The A99V PSAT exhibited unexpected features, considering the instability predicted by computational tools [26]. The individuals expressing this variant are affected by NLS forms milder than, e.g., the one associated with the S179L substitution. Nevertheless, they died soon after birth or within some weeks. The recombinant protein characterized in this work not only was marginally more active than wt PSAT, but it also exhibited a significantly higher T_m (70 vs. 63 °C). In addition, the denaturation curves exhibited a monophasic behavior, possibly indicative of higher affinity for PLP or altered folding/unfolding pathways in comparison with wt PSAT. Unlike D100A, no tendency for aggregation was observed. The association of the A99V substitution with SDDs might suggest that this position—adjacent to D100—is a hotspot for protein–protein interaction, either within the ‘serinosome’ [3]—albeit the reconstructed PP showing no significant differences in comparison with wt PSAT—or with other protein regulators that have not yet been identified. Alternatively, the increased stability of A99V PSAT might alter as-yet-unknown regulation or degradation pathways at the cellular level. Further in-cell studies will be needed to clarify the pathogenetic mechanism associated with this variant.

In conclusion, the association of PSAT variants with SDDs appears to stem from different possible pathogenetic mechanisms, including a low PLP affinity and consequent thermal instability (S179L and G79W PSAT), a loss in activity of the holo form (R342W PSAT), aggregation (D100A PSAT), impaired kinetic parameters (S43R PSAT, C245R PSAT) and increased rigidity/higher thermal stability (A99V).

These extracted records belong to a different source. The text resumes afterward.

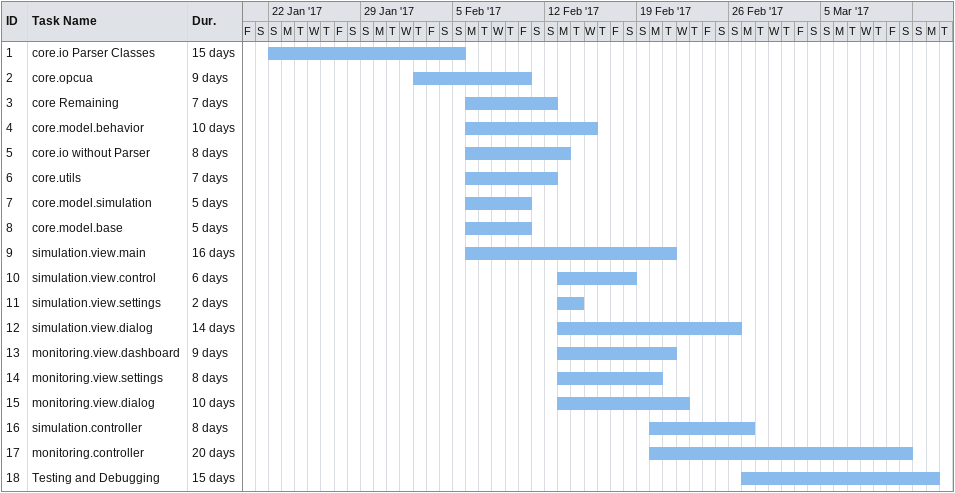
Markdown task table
| ID | Task | Duration | Start | Finish |
|---|---|---|---|---|
| 1 | core.io Parser Classes | 15d | 2017-01-22 | 2017-02-05 |
| 2 | core.opcua | 9d | 2017-02-02 | 2017-02-10 |
| 3 | core Remaining | 7d | 2017-02-06 | 2017-02-12 |
| 4 | core.model.behavior | 10d | 2017-02-06 | 2017-02-15 |
| 5 | core.io without Parser | 8d | 2017-02-06 | 2017-02-13 |
| 6 | core.utils | 7d | 2017-02-06 | 2017-02-12 |
| 7 | core.model.simulation | 5d | 2017-02-06 | 2017-02-10 |
| 8 | core.model.base | 5d | 2017-02-06 | 2017-02-10 |
| 9 | simulation.view.main | 16d | 2017-02-06 | 2017-02-21 |
| 10 | simulation.view.control | 6d | 2017-02-13 | 2017-02-18 |
| 11 | simulation.view.settings | 2d | 2017-02-13 | 2017-02-14 |
| 12 | simulation.view.dialog | 14d | 2017-02-13 | 2017-02-26 |
| 13 | monitoring.view.dashboard | 9d | 2017-02-13 | 2017-02-21 |
| 14 | monitoring.view.settings | 8d | 2017-02-13 | 2017-02-20 |
| 15 | monitoring.view.dialog | 10d | 2017-02-13 | 2017-02-22 |
| 16 | simulation.controller | 8d | 2017-02-20 | 2017-02-27 |
| 17 | monitoring.controller | 20d | 2017-02-20 | 2017-03-11 |
| 18 | Testing and Debugging | 15d | 2017-02-27 | 2017-03-13 |

This complex behavior calls for future cellular in-depth studies of the PSAT variants and their assessment within the PP to quantitatively evaluate their overall effect on L-Ser production. It should also be pointed out that most predictions based on computational tools and structure analysis (Table 1) did not correctly predict the functional impairment. We cannot rule out that variants with functional properties close to wt PSAT (D100A and A99V) might exhibit an altered interactome in vivo, particularly in light of the recent finding that the PP enzymes form clusters, possibly with the involvement of yet-unidentified proteins [3]. Finally, the results on the reconstruction of the PP confirmed that it is sensitive to PSAT activity, with less active variants affecting the pathway at physiological concentrations of enzymes and substrates. This is the first report addressing the different origin of catalytic inactivity of PSAT variants, which also show an altered PLP affinity for the enzyme.

It is worth mentioning that the administration of PLP precursors (in addition to L-Ser) might help in the management of certain types of PSAT-associated SDDs. Supplementation with pyridoxine has already been successfully applied to the treatment of disorders caused by specific pathogenetic variants of PLP-dependent enzymes—for example, in a subset of patients with primary hyperoxaluria type I [43]. Such treatment is likely to have beneficial outcomes because of the dual effect of PLP binding on both folding and catalytic activity of the defective enzyme.